▸ Exercise goal
Wherever a picture appears in the data below, omit it, and restate everything else word for word.

▸ Dataset
+--
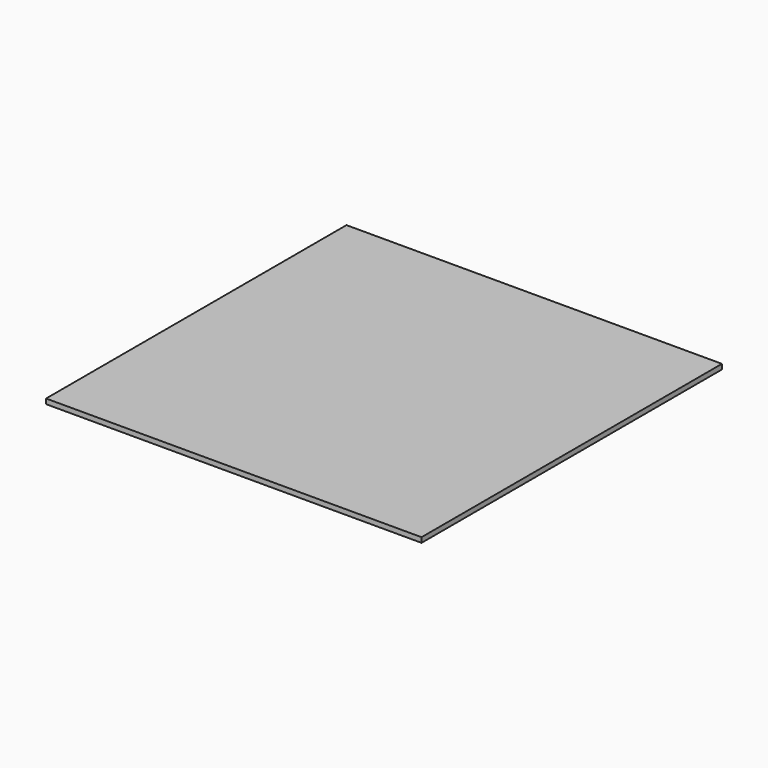
from build123d import *

# Parameters (mm, degrees)
F0_W     = 150
F0_H     = 150
F1_DEPTH = 2


# Not quite as in the source:
# - the program builds the solid bodies; features that only make, move or delete a surface that nothing else refers to are left out


with BuildPart() as f1:
    # F0 (on Top) → F1 (new body)
    with BuildSketch(Plane.XY):
        Rectangle(F0_W, F0_H)
    extrude(amount=F1_DEPTH)


solid = f1.part
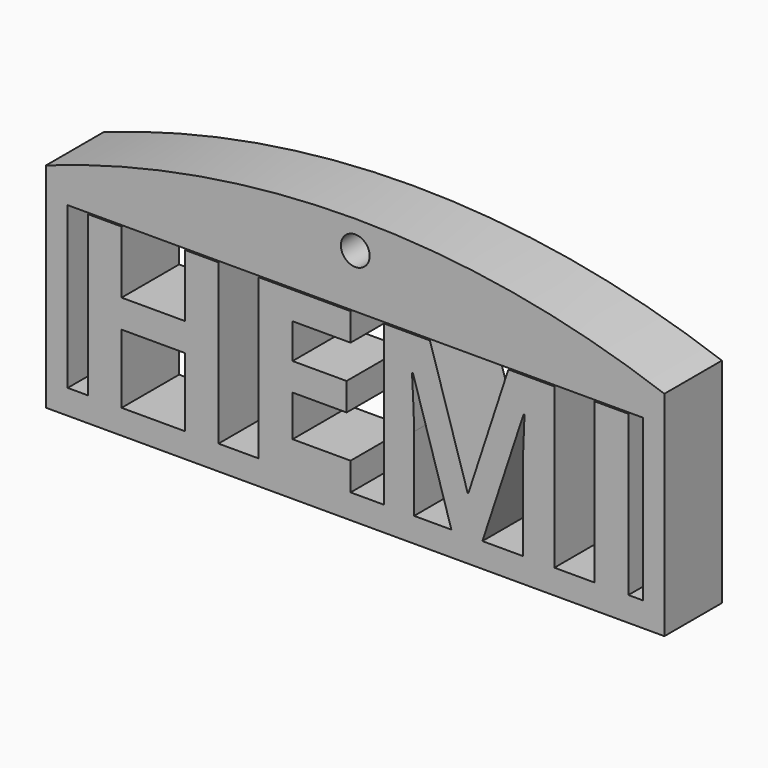
from build123d import *

# Parameters (mm, degrees)
F0_W         = 109.22
F0_H         = 37.7015848644
F0_R         = 2.54
F0_TEXT_SIZE = 39.4706810732
F1_DEPTH     = 12.7


# Not quite as in the source:
# - Text() gives the source's letters only with a copy of the font that has no kerning and outlines rounded to 1/6400 em; it was checked with that copy


with BuildPart() as f1:
    # F0 (on Front) → F1 (new body)
    with BuildSketch(Plane.XZ):
        with Locations((25.3587728447, 14.5172735211)):
            Rectangle(F0_W, F0_H)
        Polygon((-25.4343471273, 0), (-25.4343471273, 28.4188903727), (76.1656528727, 28.4188903727), (76.1656528727, 0), (73.6062258968, 0), (67.6301180906, 0), (60.5377300853, 0), (54.9686636776, 0), (47.820770027, 0), (42.3442130281, 0), (35.757543124, 0), (30.4166665913, 0), (24.5392354877, 0), (8.3130851903, 0), (1.2021953032, 0), (-4.7554106213, 0), (-15.9120453184, 0), (-21.8881531246, 0), align=None, mode=Mode.SUBTRACT)
        with BuildLine():
            ThreePointArc((79.9687728447, 33.3680659533), (25.3587728447, 42.8277307638), (-29.2512271553, 33.3680659533))
            Line((-29.2512271553, 33.3680659533), (79.9687728447, 33.3680659533))
        make_face()
        with Locations((25.3656528727, 37.8573313355)):
            Circle(F0_R, mode=Mode.SUBTRACT)
        with Locations((-25.4343471273, 0)):
            Text('HEMI', F0_TEXT_SIZE, font='Open Sans', font_style=FontStyle.BOLD, text_align=(TextAlign.LEFT, TextAlign.BOTTOM))
    extrude(amount=F1_DEPTH)


solid = f1.part
+--
▸ Reply
from build123d import *

# Parameters (mm, degrees)
F0_W     = 150
F0_H     = 150
F1_DEPTH = 2


# Not quite as in the source:
# - the program builds the solid bodies; features that only make, move or delete a surface that nothing else refers to are left out


with BuildPart() as f1:
    # F0 (on Top) → F1 (new body)
    with BuildSketch(Plane.XY):
        Rectangle(F0_W, F0_H)
    extrude(amount=F1_DEPTH)


solid = f1.part
from build123d import *

# Parameters (mm, degrees)
F0_W         = 109.22
F0_H         = 37.7015848644
F0_R         = 2.54
F0_TEXT_SIZE = 39.4706810732
F1_DEPTH     = 12.7


# Not quite as in the source:
# - Text() gives the source's letters only with a copy of the font that has no kerning and outlines rounded to 1/6400 em; it was checked with that copy


with BuildPart() as f1:
    # F0 (on Front) → F1 (new body)
    with BuildSketch(Plane.XZ):
        with Locations((25.3587728447, 14.5172735211)):
            Rectangle(F0_W, F0_H)
        Polygon((-25.4343471273, 0), (-25.4343471273, 28.4188903727), (76.1656528727, 28.4188903727), (76.1656528727, 0), (73.6062258968, 0), (67.6301180906, 0), (60.5377300853, 0), (54.9686636776, 0), (47.820770027, 0), (42.3442130281, 0), (35.757543124, 0), (30.4166665913, 0), (24.5392354877, 0), (8.3130851903, 0), (1.2021953032, 0), (-4.7554106213, 0), (-15.9120453184, 0), (-21.8881531246, 0), align=None, mode=Mode.SUBTRACT)
        with BuildLine():
            ThreePointArc((79.9687728447, 33.3680659533), (25.3587728447, 42.8277307638), (-29.2512271553, 33.3680659533))
            Line((-29.2512271553, 33.3680659533), (79.9687728447, 33.3680659533))
        make_face()
        with Locations((25.3656528727, 37.8573313355)):
            Circle(F0_R, mode=Mode.SUBTRACT)
        with Locations((-25.4343471273, 0)):
            Text('HEMI', F0_TEXT_SIZE, font='Open Sans', font_style=FontStyle.BOLD, text_align=(TextAlign.LEFT, TextAlign.BOTTOM))
    extrude(amount=F1_DEPTH)


solid = f1.part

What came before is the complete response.